Pagina:Album der Natuur 1858 en 1859.djvu/1001

Deze pagina is proefgelezen
 

WETENSCHAPPELIJK BIJBLAD.


 

Hardheid van metaalmengsels. In de 3de aflevering van den loopenden jaargang van dit Album, blz. 19, worden eenige proeven medegedeeld van grace calverten richard johnson, omtrent de hardheid van sommige metaalmengsels, onder anderen van die van koper en tin. De uitkomsten, waartoe deze proeven leidden, waren zoo geheel in strijd met de algemeen heerschende begrippen en met de praktijk, dat zij mijne aandacht bijzonder opwekten, vooral ten opzigte van een metaalmengsel, dat mij bijzonder ter harte gaat, namelijk het mengsel van koper en tin, dat het geschutbrons daarstelt. Algemeen toch wordt aangenomen, dat dit mengsel harder wordt, naarmate daarin de hoeveelheid tin grooter is, terwijl volgens deze proeven juist het tegendeel zoude plaats hebben.

Bij het mededeelen dier proeven wordt een beroep gedaan op een medearbeider aan het Album, die een werktuig heeft uitgedacht om de hardheid van metalen te onderzoeken, en wordt deze uitgenoodigd tot eenige nadere mededeelingen daarover. Beroepsbezigheden en de wensch om de oorspronkelijke en volledige vermelding der proeven in het XVde deel van de Litterary and Philosophical Society of Manchester onder de oogen te hebben, hebben mij belet eerder gevolg te geven aan deze vriendelijke uitnoodiging; thans echter wil ik dit niet langer uitstellen.

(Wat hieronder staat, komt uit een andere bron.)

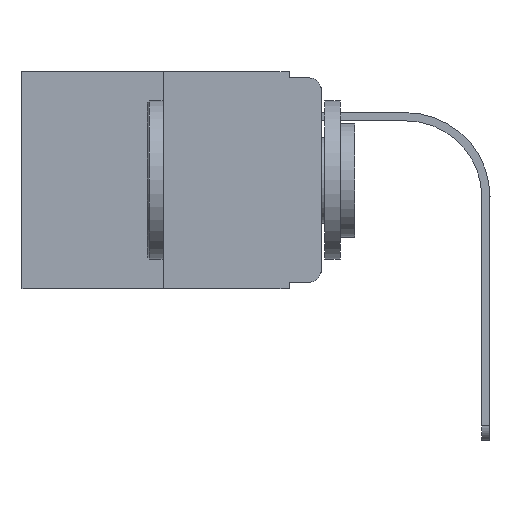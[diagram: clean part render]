
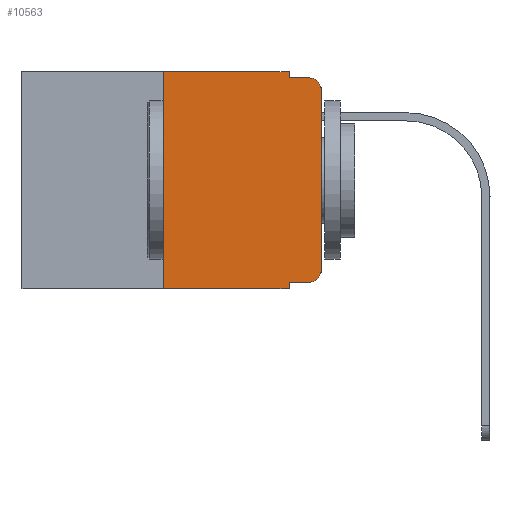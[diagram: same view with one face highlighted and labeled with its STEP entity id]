
A CAD part, left-side view. The second image highlights one B-rep face of the part: STEP entity #10563.
In plain terms, the highlighted planar face has unit normal (-1, 0, 0).
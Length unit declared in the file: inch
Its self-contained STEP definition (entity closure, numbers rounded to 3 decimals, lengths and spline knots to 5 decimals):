
#161 = CARTESIAN_POINT ( 'NONE',  ( 0., 0.051, 0. ) ) ;
#800 = ORIENTED_EDGE ( 'NONE', *, *, #12473, .F. ) ;
#966 = DIRECTION ( 'NONE',  ( 0., -1., 0. ) ) ;
#1173 = CARTESIAN_POINT ( 'NONE',  ( 0., 0.25, 0. ) ) ;
#1735 = CARTESIAN_POINT ( 'NONE',  ( 0., 0., 0. ) ) ;
#1806 = CARTESIAN_POINT ( 'NONE',  ( 0., 0.25, 0. ) ) ;
#1863 = DIRECTION ( 'NONE',  ( 0., -1., 0. ) ) ;
#1920 = VECTOR ( 'NONE', #19889, 39.37008 ) ;
#1992 = VERTEX_POINT ( 'NONE', #13991 ) ;
#2730 = CARTESIAN_POINT ( 'NONE',  ( 0., 0.051, -0.333 ) ) ;
#3010 = ORIENTED_EDGE ( 'NONE', *, *, #3954, .T. ) ;
#3295 = AXIS2_PLACEMENT_3D ( 'NONE', #14170, #14459, #6548 ) ;
#3954 = EDGE_CURVE ( 'NONE', #1992, #9696, #6758, .T. ) ;
#4227 = EDGE_CURVE ( 'NONE', #12486, #5633, #7487, .T. ) ;
#4265 = ORIENTED_EDGE ( 'NONE', *, *, #12707, .F. ) ;
#4708 = CARTESIAN_POINT ( 'NONE',  ( 0., 0.473, 0. ) ) ;
#4801 = CARTESIAN_POINT ( 'NONE',  ( 0., 0.051, -0.333 ) ) ;
#4805 = EDGE_CURVE ( 'NONE', #13287, #11528, #9682, .T. ) ;
#5056 = CARTESIAN_POINT ( 'NONE',  ( 0., 0.051, -0.01 ) ) ;
#5155 = CARTESIAN_POINT ( 'NONE',  ( 0., 0.02, -0.333 ) ) ;
#5336 = DIRECTION ( 'NONE',  ( 1., 0., 0. ) ) ;
#5495 = CARTESIAN_POINT ( 'NONE',  ( 0., 0.473, -0.343 ) ) ;
#5633 = VERTEX_POINT ( 'NONE', #16385 ) ;
#5888 = ORIENTED_EDGE ( 'NONE', *, *, #4227, .F. ) ;
#6306 = LINE ( 'NONE', #20059, #18987 ) ;
#6548 = DIRECTION ( 'NONE',  ( 0., 0., -1. ) ) ;
#6758 = LINE ( 'NONE', #1735, #18753 ) ;
#6965 = VECTOR ( 'NONE', #1863, 39.37008 ) ;
#7137 = AXIS2_PLACEMENT_3D ( 'NONE', #13279, #19515, #9871 ) ;
#7198 = ORIENTED_EDGE ( 'NONE', *, *, #12573, .T. ) ;
#7487 = LINE ( 'NONE', #4708, #1920 ) ;
#8125 = CIRCLE ( 'NONE', #7137, 0.02 ) ;
#8413 = ORIENTED_EDGE ( 'NONE', *, *, #13570, .T. ) ;
#8725 = CARTESIAN_POINT ( 'NONE',  ( 0., 0.051, -0.01 ) ) ;
#8756 = VERTEX_POINT ( 'NONE', #5155 ) ;
#8899 = DIRECTION ( 'NONE',  ( 0., -1., 0. ) ) ;
#9404 = ORIENTED_EDGE ( 'NONE', *, *, #10755, .T. ) ;
#9536 = EDGE_LOOP ( 'NONE', ( #3010, #9404, #10891, #800, #5888, #4265, #7198, #11634, #11543, #8413 ) ) ;
#9559 = CARTESIAN_POINT ( 'NONE',  ( 0., 0.051, -0.343 ) ) ;
#9607 = VECTOR ( 'NONE', #15257, 39.37008 ) ;
#9608 = VECTOR ( 'NONE', #9811, 39.37008 ) ;
#9682 = LINE ( 'NONE', #5056, #6965 ) ;
#9696 = VERTEX_POINT ( 'NONE', #10030 ) ;
#9811 = DIRECTION ( 'NONE',  ( 0., 0., -1. ) ) ;
#9871 = DIRECTION ( 'NONE',  ( 0., 0., -1. ) ) ;
#9940 = DIRECTION ( 'NONE',  ( 0., 0., 1. ) ) ;
#10030 = CARTESIAN_POINT ( 'NONE',  ( 0., 0., -0.03 ) ) ;
#10320 = LINE ( 'NONE', #5495, #10599 ) ;
#10563 = ADVANCED_FACE ( 'NONE', ( #14683 ), #13147, .F. ) ;
#10599 = VECTOR ( 'NONE', #966, 39.37008 ) ;
#10755 = EDGE_CURVE ( 'NONE', #9696, #11528, #17717, .T. ) ;
#10891 = ORIENTED_EDGE ( 'NONE', *, *, #4805, .F. ) ;
#11528 = VERTEX_POINT ( 'NONE', #16989 ) ;
#11543 = ORIENTED_EDGE ( 'NONE', *, *, #15853, .T. ) ;
#11597 = DIRECTION ( 'NONE',  ( 0., 0., -1. ) ) ;
#11634 = ORIENTED_EDGE ( 'NONE', *, *, #20259, .F. ) ;
#12164 = AXIS2_PLACEMENT_3D ( 'NONE', #19394, #5336, #11597 ) ;
#12407 = VERTEX_POINT ( 'NONE', #4801 ) ;
#12473 = EDGE_CURVE ( 'NONE', #5633, #13287, #15892, .T. ) ;
#12486 = VERTEX_POINT ( 'NONE', #1806 ) ;
#12573 = EDGE_CURVE ( 'NONE', #17612, #15245, #10320, .T. ) ;
#12707 = EDGE_CURVE ( 'NONE', #17612, #12486, #20165, .T. ) ;
#13147 = PLANE ( 'NONE',  #12164 ) ;
#13279 = CARTESIAN_POINT ( 'NONE',  ( 0., 0.02, -0.313 ) ) ;
#13287 = VERTEX_POINT ( 'NONE', #8725 ) ;
#13570 = EDGE_CURVE ( 'NONE', #8756, #1992, #8125, .T. ) ;
#13991 = CARTESIAN_POINT ( 'NONE',  ( 0., 0., -0.313 ) ) ;
#14170 = CARTESIAN_POINT ( 'NONE',  ( 0., 0.02, -0.03 ) ) ;
#14459 = DIRECTION ( 'NONE',  ( -1., 0., 0. ) ) ;
#14683 = FACE_OUTER_BOUND ( 'NONE', #9536, .T. ) ;
#14937 = CARTESIAN_POINT ( 'NONE',  ( 0., 0.25, -0.343 ) ) ;
#15245 = VERTEX_POINT ( 'NONE', #9559 ) ;
#15257 = DIRECTION ( 'NONE',  ( 0., 0., 1. ) ) ;
#15269 = LINE ( 'NONE', #2730, #19408 ) ;
#15853 = EDGE_CURVE ( 'NONE', #12407, #8756, #15269, .T. ) ;
#15892 = LINE ( 'NONE', #161, #9608 ) ;
#16385 = CARTESIAN_POINT ( 'NONE',  ( 0., 0.051, 0. ) ) ;
#16989 = CARTESIAN_POINT ( 'NONE',  ( 0., 0.02, -0.01 ) ) ;
#17298 = DIRECTION ( 'NONE',  ( 0., 0., -1. ) ) ;
#17612 = VERTEX_POINT ( 'NONE', #14937 ) ;
#17717 = CIRCLE ( 'NONE', #3295, 0.02 ) ;
#18753 = VECTOR ( 'NONE', #9940, 39.37008 ) ;
#18987 = VECTOR ( 'NONE', #17298, 39.37008 ) ;
#19394 = CARTESIAN_POINT ( 'NONE',  ( 0., 0.473, 0. ) ) ;
#19408 = VECTOR ( 'NONE', #8899, 39.37008 ) ;
#19515 = DIRECTION ( 'NONE',  ( -1., 0., 0. ) ) ;
#19889 = DIRECTION ( 'NONE',  ( 0., -1., 0. ) ) ;
#20059 = CARTESIAN_POINT ( 'NONE',  ( 0., 0.051, 0. ) ) ;
#20165 = LINE ( 'NONE', #1173, #9607 ) ;
#20259 = EDGE_CURVE ( 'NONE', #12407, #15245, #6306, .T. ) ;

Proefhamer op 1/5 der ware grootte

Proefhamer op 1/5 der ware grootte. Links:Van voren. Rechts: Van ter zijde.

Wat dan den door mij aangewenden toestel betreft, deze bestaat eenvoudig in een ijzeren hamer, die bij S vrij om een scharnier beweegt. Onder aan den kop bevindt zich een mesje m van bijzonder hard staal, waarvan de niet zeer scherpe snede zuiver cirkelvormig is geslepen. Het middelpunt van den boog is op den beitel aangewezen en de straal r daardoor bekend.